The main problem with this attitude is that it works only under the assumption that client code is actively maintained. In scientific computing, that’s not a reasonable assumption to make. Anyone who has followed the discussions about the scientific software crisis and the lack of reproduciblity in computational science should be well aware of this point that is frequently made. Much if not most scientific code is written by individuals or small teams for a specific study and then modified only as much as strictly required. One step up on the maintenance ladder, there is scientific code that is published and maintained by computational scientists as a side activity, without any significant means attributed to software development, usually because the work is not sufficiently valued by funding agencies. This is the category that my own libraries belong to. Of course the most visible software packages are those that are actively maintained by a sufficiently strong community, but I doubt they are representative for computational science as a whole.
A secondary problem with the “slow continuous change” philosophy is that client code becomes hard to read and understand. If you get a Python script, say as a reviewer for a submitted article, and see “import numpy”, you don’t know which version of numpy the authors had in mind. If that script calls array.diag() and modifies the return value, does it expect to modify a copy or a view? The result is very different, but there is no way to tell. It is possible, even quite probable, that the code would execute fine with both NumPy 1.8 and the upcoming NumPy 1.10, but yield different results.
Given the importance of NumPy in the scientific Python ecosystem – the majority of scientific libraries and applications depends on it -, I consider its lack of stability alarming. I would much prefer the NumPy developers to adopt the attitude to change taken by the Python language itself: accumulate ideas for incompatible changes, and apply them in a new version that is clearly labelled and announced as incompatible. Everyone in the Python community knows that there are important differences between Python 2 and Python 3. There’s a good chance that a scientist publishing a Python script will clearly say if it’s for Python 2 or Python 3, but even if not, the answer is often evident from looking at the code, because at least some of the many differences will be visible.

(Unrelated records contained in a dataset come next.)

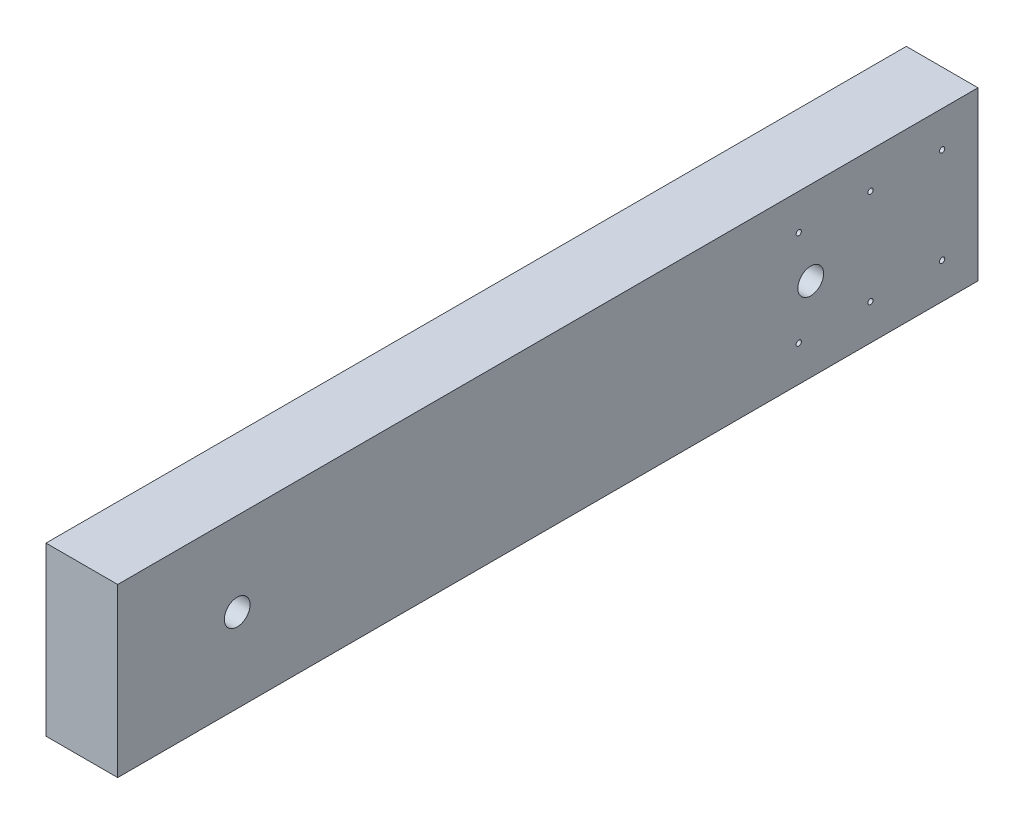
ISO-10303-21;
HEADER;
FILE_DESCRIPTION(('STEP AP214'),'2;1');
FILE_NAME('part.step','',(''),(''),'','','');
FILE_SCHEMA(('AUTOMOTIVE_DESIGN { 1 0 10303 214 1 1 1 1 }'));
ENDSEC;
DATA;
#1=APPLICATION_CONTEXT('core data for automotive mechanical design processes');
#2=APPLICATION_PROTOCOL_DEFINITION('international standard','automotive_design',2000,#1);
#3=PRODUCT_CONTEXT('',#1,'mechanical');
#4=PRODUCT('Part','Part','',(#3));
#5=PRODUCT_RELATED_PRODUCT_CATEGORY('part','',(#4));
#6=PRODUCT_DEFINITION_FORMATION('','',#4);
#7=PRODUCT_DEFINITION_CONTEXT('part definition',#1,'design');
#8=PRODUCT_DEFINITION('design','',#6,#7);
#9=PRODUCT_DEFINITION_SHAPE('','',#8);
#10=(LENGTH_UNIT() NAMED_UNIT(*) SI_UNIT(.MILLI.,.METRE.));
#11=(NAMED_UNIT(*) PLANE_ANGLE_UNIT() SI_UNIT($,.RADIAN.));
#12=(NAMED_UNIT(*) SI_UNIT($,.STERADIAN.) SOLID_ANGLE_UNIT());
#13=UNCERTAINTY_MEASURE_WITH_UNIT(LENGTH_MEASURE(1.E-05),#10,'distance_accuracy_value','');
#14=(GEOMETRIC_REPRESENTATION_CONTEXT(3) GLOBAL_UNCERTAINTY_ASSIGNED_CONTEXT((#13)) GLOBAL_UNIT_ASSIGNED_CONTEXT((#10,
#11,#12)) REPRESENTATION_CONTEXT('',''));
#15=CARTESIAN_POINT('',(0.,0.,0.));
#16=DIRECTION('',(0.,0.,1.));
#17=DIRECTION('',(1.,0.,0.));
#18=AXIS2_PLACEMENT_3D('',#15,#16,#17);
#19=CARTESIAN_POINT('',(57.277,-38.1,876.3));
#20=DIRECTION('',(1.,0.,0.));
#21=DIRECTION('',(0.,1.,0.));
#22=AXIS2_PLACEMENT_3D('',#19,#20,#21);
#23=PLANE('',#22);
#24=CARTESIAN_POINT('',(57.277,-82.55,812.8));
#25=DIRECTION('',(-1.,0.,0.));
#26=DIRECTION('',(0.,-1.,0.));
#27=AXIS2_PLACEMENT_3D('',#24,#25,#26);
#28=CIRCLE('',#27,6.84999999999997);
#29=CARTESIAN_POINT('',(57.277,-89.3999999999999,812.8));
#30=VERTEX_POINT('',#29);
#31=EDGE_CURVE('E119',#30,#30,#28,.T.);
#32=ORIENTED_EDGE('',*,*,#31,.F.);
#33=EDGE_LOOP('',(#32));
#34=FACE_BOUND('',#33,.T.);
#35=CARTESIAN_POINT('',(57.277,-82.55,508.));
#36=DIRECTION('',(1.,0.,0.));
#37=DIRECTION('',(0.,1.,0.));
#38=AXIS2_PLACEMENT_3D('',#35,#36,#37);
#39=CIRCLE('',#38,6.84999999999997);
#40=CARTESIAN_POINT('',(57.277,-75.7,508.));
#41=VERTEX_POINT('',#40);
#42=EDGE_CURVE('E112',#41,#41,#39,.F.);
#43=ORIENTED_EDGE('',*,*,#42,.F.);
#44=EDGE_LOOP('',(#43));
#45=FACE_BOUND('',#44,.T.);
#46=CARTESIAN_POINT('',(57.2770000000001,-107.95,438.15));
#47=DIRECTION('',(1.,0.,0.));
#48=DIRECTION('',(0.,1.,0.));
#49=AXIS2_PLACEMENT_3D('',#46,#47,#48);
#50=CIRCLE('',#49,1.3890625000001);
#51=CARTESIAN_POINT('',(57.2770000000001,-106.5609375,438.15));
#52=VERTEX_POINT('',#51);
#53=EDGE_CURVE('E116',#52,#52,#50,.T.);
#54=ORIENTED_EDGE('',*,*,#53,.T.);
#55=EDGE_LOOP('',(#54));
#56=FACE_BOUND('',#55,.T.);
#57=CARTESIAN_POINT('',(57.2770000000001,-107.95,476.25));
#58=DIRECTION('',(1.,0.,0.));
#59=DIRECTION('',(0.,1.,0.));
#60=AXIS2_PLACEMENT_3D('',#57,#58,#59);
#61=CIRCLE('',#60,1.3890625000001);
#62=CARTESIAN_POINT('',(57.2770000000001,-106.5609375,476.25));
#63=VERTEX_POINT('',#62);
#64=EDGE_CURVE('E132',#63,#63,#61,.T.);
#65=ORIENTED_EDGE('',*,*,#64,.T.);
#66=EDGE_LOOP('',(#65));
#67=FACE_BOUND('',#66,.T.);
#68=CARTESIAN_POINT('',(57.277,-57.15,476.25));
#69=DIRECTION('',(1.,0.,0.));
#70=DIRECTION('',(0.,1.,0.));
#71=AXIS2_PLACEMENT_3D('',#68,#69,#70);
#72=CIRCLE('',#71,1.38906250000009);
#73=CARTESIAN_POINT('',(57.277,-55.7609374999999,476.25));
#74=VERTEX_POINT('',#73);
#75=EDGE_CURVE('E138',#74,#74,#72,.T.);
#76=ORIENTED_EDGE('',*,*,#75,.T.);
#77=EDGE_LOOP('',(#76));
#78=FACE_BOUND('',#77,.T.);
#79=CARTESIAN_POINT('',(57.277,-57.15,514.35));
#80=DIRECTION('',(1.,0.,0.));
#81=DIRECTION('',(0.,1.,0.));
#82=AXIS2_PLACEMENT_3D('',#79,#80,#81);
#83=CIRCLE('',#82,1.3890625000001);
#84=CARTESIAN_POINT('',(57.277,-55.7609374999999,514.35));
#85=VERTEX_POINT('',#84);
#86=EDGE_CURVE('E144',#85,#85,#83,.T.);
#87=ORIENTED_EDGE('',*,*,#86,.T.);
#88=EDGE_LOOP('',(#87));
#89=FACE_BOUND('',#88,.T.);
#90=CARTESIAN_POINT('',(57.2770000000001,-107.95,514.35));
#91=DIRECTION('',(1.,0.,0.));
#92=DIRECTION('',(0.,1.,0.));
#93=AXIS2_PLACEMENT_3D('',#90,#91,#92);
#94=CIRCLE('',#93,1.3890625000001);
#95=CARTESIAN_POINT('',(57.2770000000001,-106.5609375,514.35));
#96=VERTEX_POINT('',#95);
#97=EDGE_CURVE('E150',#96,#96,#94,.T.);
#98=ORIENTED_EDGE('',*,*,#97,.T.);
#99=EDGE_LOOP('',(#98));
#100=FACE_BOUND('',#99,.T.);
#101=CARTESIAN_POINT('',(57.277,-57.15,438.15));
#102=DIRECTION('',(1.,0.,0.));
#103=DIRECTION('',(0.,1.,0.));
#104=AXIS2_PLACEMENT_3D('',#101,#102,#103);
#105=CIRCLE('',#104,1.38906250000009);
#106=CARTESIAN_POINT('',(57.277,-55.7609374999999,438.15));
#107=VERTEX_POINT('',#106);
#108=EDGE_CURVE('E156',#107,#107,#105,.T.);
#109=ORIENTED_EDGE('',*,*,#108,.T.);
#110=EDGE_LOOP('',(#109));
#111=FACE_BOUND('',#110,.T.);
#112=DIRECTION('',(0.,-1.,0.));
#113=VECTOR('',#112,1.);
#114=CARTESIAN_POINT('',(57.277,-38.1,419.1));
#115=LINE('',#114,#113);
#116=CARTESIAN_POINT('',(57.277,-38.1,419.1));
#117=VERTEX_POINT('',#116);
#118=CARTESIAN_POINT('',(57.277,-127.,419.1));
#119=VERTEX_POINT('',#118);
#120=EDGE_CURVE('E102',#117,#119,#115,.T.);
#121=ORIENTED_EDGE('',*,*,#120,.T.);
#122=DIRECTION('',(0.,0.,-1.));
#123=VECTOR('',#122,1.);
#124=CARTESIAN_POINT('',(57.277,-127.,876.3));
#125=LINE('',#124,#123);
#126=CARTESIAN_POINT('',(57.277,-127.,876.3));
#127=VERTEX_POINT('',#126);
#128=EDGE_CURVE('E11',#127,#119,#125,.T.);
#129=ORIENTED_EDGE('',*,*,#128,.F.);
#130=DIRECTION('',(0.,-1.,0.));
#131=VECTOR('',#130,1.);
#132=CARTESIAN_POINT('',(57.277,-38.1,876.3));
#133=LINE('',#132,#131);
#134=CARTESIAN_POINT('',(57.277,-38.1,876.3));
#135=VERTEX_POINT('',#134);
#136=EDGE_CURVE('E89',#135,#127,#133,.T.);
#137=ORIENTED_EDGE('',*,*,#136,.F.);
#138=DIRECTION('',(0.,0.,-1.));
#139=VECTOR('',#138,1.);
#140=CARTESIAN_POINT('',(57.277,-38.1,876.3));
#141=LINE('',#140,#139);
#142=EDGE_CURVE('E98',#135,#117,#141,.T.);
#143=ORIENTED_EDGE('',*,*,#142,.T.);
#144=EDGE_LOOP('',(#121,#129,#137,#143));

As for my initial question for which scientific uses today’s Python ecosystem can still be recommended, I hesitate to provide an answer. Today’s scientific Python ecosystem is not stable enough for use in small-scale science, in my opinion, although it remains an excellent choice for big communities that can somehow find the resources to maintain their code. What makes me hesitate to recommend not using Python is that there is no better alternative. The only widely used scientific programming language that can be considered stable, but anyone who has used Python is unlikely to be willing to switch to an environment with tedious edit-compile-run cycles.
One possible solution would be a long-time-support version of the core libraries of the Python ecosystem, maintained without any functional change by a separate development team. But that development team has be created and funded. Any volunteers?